The following is merely done for fun and for me to try out some things.
Nothing I do here should actually be considered statistically sound or something.

The following plot shows the proportion of shows airing (or that used to air) on a given day which are retired or active.
We can infer from this that “monday shows” get retired more often, relatively speaking.

relay %>% count(show_status, weekday) %>% mutate(weekday = forcats::fct_rev(weekday)) %>% 
    group_by(weekday) %>% mutate(p = n/sum(n)) %>% ggplot(aes(x = weekday, p, 
    fill = show_status)) + geom_col() + coord_flip() + scale_y_percent() + scale_fill_brewer(palette = "Dark2") + 
    labs(title = "Relay.fm", subtitle = "Show Status by Publishing Day of Week", 
        x = "", y = "Proportion (within Day of Week)", fill = "Status", caption = caption) + 
    theme(legend.position = "top")

…Which, obviously, is bullshitty because podcasts don’t work like live television, and when a show is published should not by any means indicate whether or not it will be retired. At least I can’t think of any reason.
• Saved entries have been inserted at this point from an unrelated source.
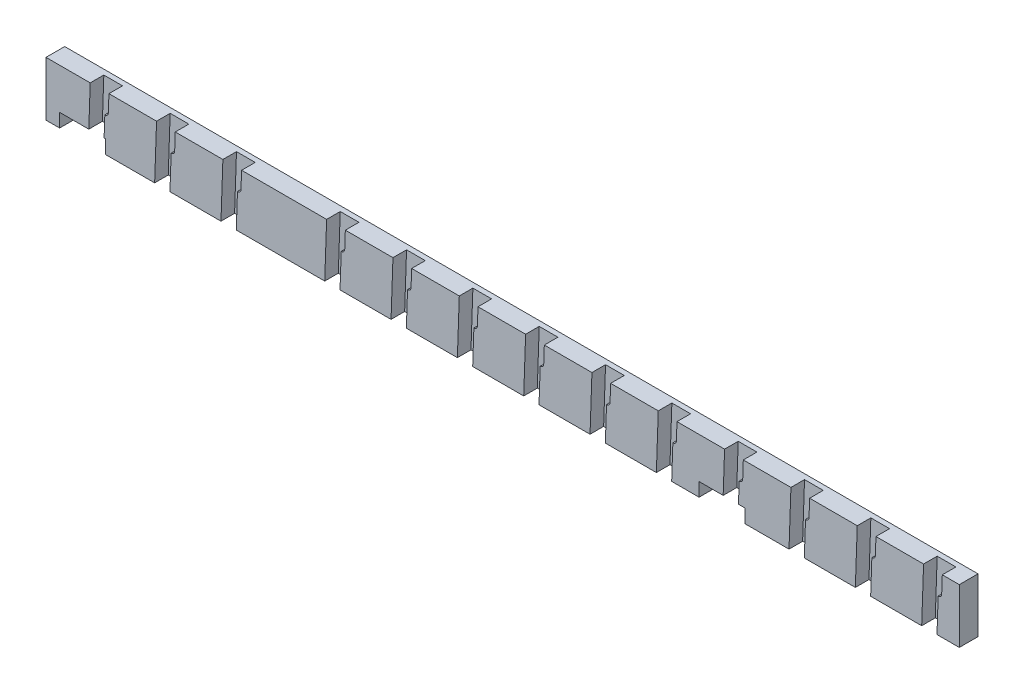
from build123d import *

# Parameters (mm, degrees)
SKETCH1_W           = 1704.975
SKETCH1_H           = 101.6
BOSS_EXTRUDE1_DEPTH = 34.925
CUT_EXTRUDE1_DEPTH  = 25.4
SKETCH3_W           = 85.725
SKETCH3_H           = 25.4
CUT_EXTRUDE2_DEPTH  = 855.713597225


with BuildPart() as part:
    # Sketch1 → Boss-Extrude1 (new body)
    with BuildSketch(Plane.XY):
        Rectangle(SKETCH1_W, SKETCH1_H)
    extrude(amount=BOSS_EXTRUDE1_DEPTH)

    # Sketch2 → Cut-Extrude1 (cut)
    with BuildSketch(Plane.XY.offset(34.925)):
        with BuildLine():
            Line((782.26454982, -50.8), (785.8125, 50.8))
            Line((785.8125, 50.8), (820.7375, 50.8))
            Line((820.7375, 50.8), (819.621026714, 18.828388196))
            ThreePointArc((819.621026714, 18.828388196), (817.685975615, 14.482192268), (813.274894962, 12.7))
            Line((813.274894962, 12.7), (813.057018682, 12.7))
            Line((813.057018682, 12.7), (810.83954982, -50.8))
            Line((810.83954982, -50.8), (782.26454982, -50.8))
        make_face()
        with BuildLine():
            Line((658.43954982, -50.8), (661.9875, 50.8))
            Line((661.9875, 50.8), (696.9125, 50.8))
            Line((696.9125, 50.8), (695.796026714, 18.828388196))
            ThreePointArc((695.796026714, 18.828388196), (693.860975615, 14.482192268), (689.449894962, 12.7))
            Line((689.449894962, 12.7), (689.232018682, 12.7))
            Line((689.232018682, 12.7), (687.01454982, -50.8))
            Line((687.01454982, -50.8), (658.43954982, -50.8))
        make_face()
        with BuildLine():
            Line((534.61454982, -50.8), (538.1625, 50.8))
            Line((538.1625, 50.8), (573.0875, 50.8))
            Line((573.0875, 50.8), (571.971026714, 18.828388196))
            ThreePointArc((571.971026714, 18.828388196), (570.035975615, 14.482192268), (565.624894962, 12.7))
            Line((565.624894962, 12.7), (565.407018682, 12.7))
            Line((565.407018682, 12.7), (563.18954982, -50.8))
            Line((563.18954982, -50.8), (534.61454982, -50.8))
        make_face()
        with BuildLine():
            Line((410.78954982, -50.8), (414.3375, 50.8))
            Line((414.3375, 50.8), (449.2625, 50.8))
            Line((449.2625, 50.8), (448.146026714, 18.828388196))
            ThreePointArc((448.146026714, 18.828388196), (446.210975615, 14.482192268), (441.799894962, 12.7))
            Line((441.799894962, 12.7), (441.582018682, 12.7))
            Line((441.582018682, 12.7), (439.36454982, -50.8))
            Line((439.36454982, -50.8), (410.78954982, -50.8))
        make_face()
        with BuildLine():
            Line((286.96454982, -50.8), (290.5125, 50.8))
            Line((290.5125, 50.8), (325.4375, 50.8))
            Line((325.4375, 50.8), (324.321026714, 18.828388196))
            ThreePointArc((324.321026714, 18.828388196), (322.385975615, 14.482192268), (317.974894962, 12.7))
            Line((317.974894962, 12.7), (317.757018682, 12.7))
            Line((317.757018682, 12.7), (315.53954982, -50.8))
            Line((315.53954982, -50.8), (286.96454982, -50.8))
        make_face()
        with BuildLine():
            Line((163.13954982, -50.8), (166.6875, 50.8))
            Line((166.6875, 50.8), (201.6125, 50.8))
            Line((201.6125, 50.8), (200.496026714, 18.828388196))
            ThreePointArc((200.496026714, 18.828388196), (198.560975615, 14.482192268), (194.149894962, 12.7))
            Line((194.149894962, 12.7), (193.932018682, 12.7))
            Line((193.932018682, 12.7), (191.71454982, -50.8))
            Line((191.71454982, -50.8), (163.13954982, -50.8))
        make_face()
        with BuildLine():
            Line((39.31454982, -50.8), (42.8625, 50.8))
            Line((42.8625, 50.8), (77.7875, 50.8))
            Line((77.7875, 50.8), (76.671026714, 18.828388196))
            ThreePointArc((76.671026714, 18.828388196), (74.735975615, 14.482192268), (70.324894962, 12.7))
            Line((70.324894962, 12.7), (70.107018682, 12.7))
            Line((70.107018682, 12.7), (67.88954982, -50.8))
            Line((67.88954982, -50.8), (39.31454982, -50.8))
        make_face()
        with BuildLine():
            Line((-84.51045018, -50.8), (-80.9625, 50.8))
            Line((-80.9625, 50.8), (-46.0375, 50.8))
            Line((-46.0375, 50.8), (-47.153973286, 18.828388196))
            ThreePointArc((-47.153973286, 18.828388196), (-49.089024385, 14.482192268), (-53.500105038, 12.7))
            Line((-53.500105038, 12.7), (-53.717981318, 12.7))
            Line((-53.717981318, 12.7), (-55.93545018, -50.8))
            Line((-55.93545018, -50.8), (-84.51045018, -50.8))
        make_face()
        with BuildLine():
            Line((-208.33545018, -50.8), (-204.7875, 50.8))
            Line((-204.7875, 50.8), (-169.8625, 50.8))
            Line((-169.8625, 50.8), (-170.978973286, 18.828388196))
            ThreePointArc((-170.978973286, 18.828388196), (-172.914024385, 14.482192268), (-177.325105038, 12.7))
            Line((-177.325105038, 12.7), (-177.542981318, 12.7))
            Line((-177.542981318, 12.7), (-179.76045018, -50.8))
            Line((-179.76045018, -50.8), (-208.33545018, -50.8))
        make_face()
        with BuildLine():
            Line((-332.16045018, -50.8), (-328.6125, 50.8))
            Line((-328.6125, 50.8), (-293.6875, 50.8))
            Line((-293.6875, 50.8), (-294.803973286, 18.828388196))
            ThreePointArc((-294.803973286, 18.828388196), (-296.739024385, 14.482192268), (-301.150105038, 12.7))
            Line((-301.150105038, 12.7), (-301.367981318, 12.7))
            Line((-301.367981318, 12.7), (-303.58545018, -50.8))
            Line((-303.58545018, -50.8), (-332.16045018, -50.8))
        make_face()
        with BuildLine():
            Line((-525.83545018, -50.8), (-522.2875, 50.8))
            Line((-522.2875, 50.8), (-487.3625, 50.8))
            Line((-487.3625, 50.8), (-488.478973286, 18.828388196))
            ThreePointArc((-488.478973286, 18.828388196), (-490.414024385, 14.482192268), (-494.825105038, 12.7))
            Line((-494.825105038, 12.7), (-495.042981318, 12.7))
            Line((-495.042981318, 12.7), (-497.26045018, -50.8))
            Line((-497.26045018, -50.8), (-525.83545018, -50.8))
        make_face()
        with BuildLine():
            Line((-649.66045018, -50.8), (-646.1125, 50.8))
            Line((-646.1125, 50.8), (-611.1875, 50.8))
            Line((-611.1875, 50.8), (-612.303973286, 18.828388196))
            ThreePointArc((-612.303973286, 18.828388196), (-614.239024385, 14.482192268), (-618.650105038, 12.7))
            Line((-618.650105038, 12.7), (-618.867981318, 12.7))
            Line((-618.867981318, 12.7), (-621.08545018, -50.8))
            Line((-621.08545018, -50.8), (-649.66045018, -50.8))
        make_face()
        with BuildLine():
            Line((-773.48545018, -50.8), (-769.9375, 50.8))
            Line((-769.9375, 50.8), (-735.0125, 50.8))
            Line((-735.0125, 50.8), (-736.128973286, 18.828388196))
            ThreePointArc((-736.128973286, 18.828388196), (-738.064024385, 14.482192268), (-742.475105038, 12.7))
            Line((-742.475105038, 12.7), (-742.692981318, 12.7))
            Line((-742.692981318, 12.7), (-744.91045018, -50.8))
            Line((-744.91045018, -50.8), (-773.48545018, -50.8))
        make_face()
    extrude(amount=-CUT_EXTRUDE1_DEPTH, mode=Mode.SUBTRACT)

    # Sketch3 → Cut-Extrude2 (cut, through all)
    with BuildSketch(Plane(origin=(0, 0, 0), x_dir=(-1, 0, 0), z_dir=(0, 0, -1))):
        with Locations((784.225, -38.1)):
            Rectangle(SKETCH3_W, SKETCH3_H)
        with Locations((-409.575, -38.1)):
            Rectangle(SKETCH3_W, SKETCH3_H)
    extrude(amount=-CUT_EXTRUDE2_DEPTH, mode=Mode.SUBTRACT)


solid = part.part

To put it in statsy terms:

relay %>% mutate(status_bin = if_else(show_status == "Retired", 1, 0), weekday = factor(weekday, 
    ordered = FALSE)) %>% glm(formula = status_bin ~ weekday, data = ., family = binomial) %>% 
    sjPlot::sjt.glm(exp.coef = TRUE, separate.ci.col = FALSE)
    status_bin
    Odds Ratio (CI) p
(Intercept)   0.06
(0.03 – 0.10)
<.001
weekday
Monday   8.10
(4.63 – 15.60)
<.001
Tuesday   2.35
(1.28 – 4.69)
.009
Wednesday   2.47
(1.37 – 4.84)
.005
Thursday   2.66
(1.49 – 5.18)
.002
Friday   3.62
(1.97 – 7.23)
<.001
Saturday   1.29
(0.35 – 3.87)
.671
Observations   3276

Monday shows are 7 times more like to be retires than sunday shows (which is the reference level), while wednesday shows are 4 times more like. Also, friday shows are half as likely to be retired compared to monday shows.

Huh.

As I said, this is not methodologically sound, as I just dumped data into a logistic regression model and looked at the results, but if the next Relay show to be retires aired on wednesdays or mondays, I’ll have my hands full with hindsight bias, so there’s that.

People

Sadly I don’t have a lot of data about people besides the hosts of each show. I could try to pry out the guests of shows out of each show’s RSS feed, but sadly this information is not neatly presented in the feed, but rather would require an amount of regexing I am not prepared, and therere for not able to do.
Be that as it may, here’s a bit about the hosts.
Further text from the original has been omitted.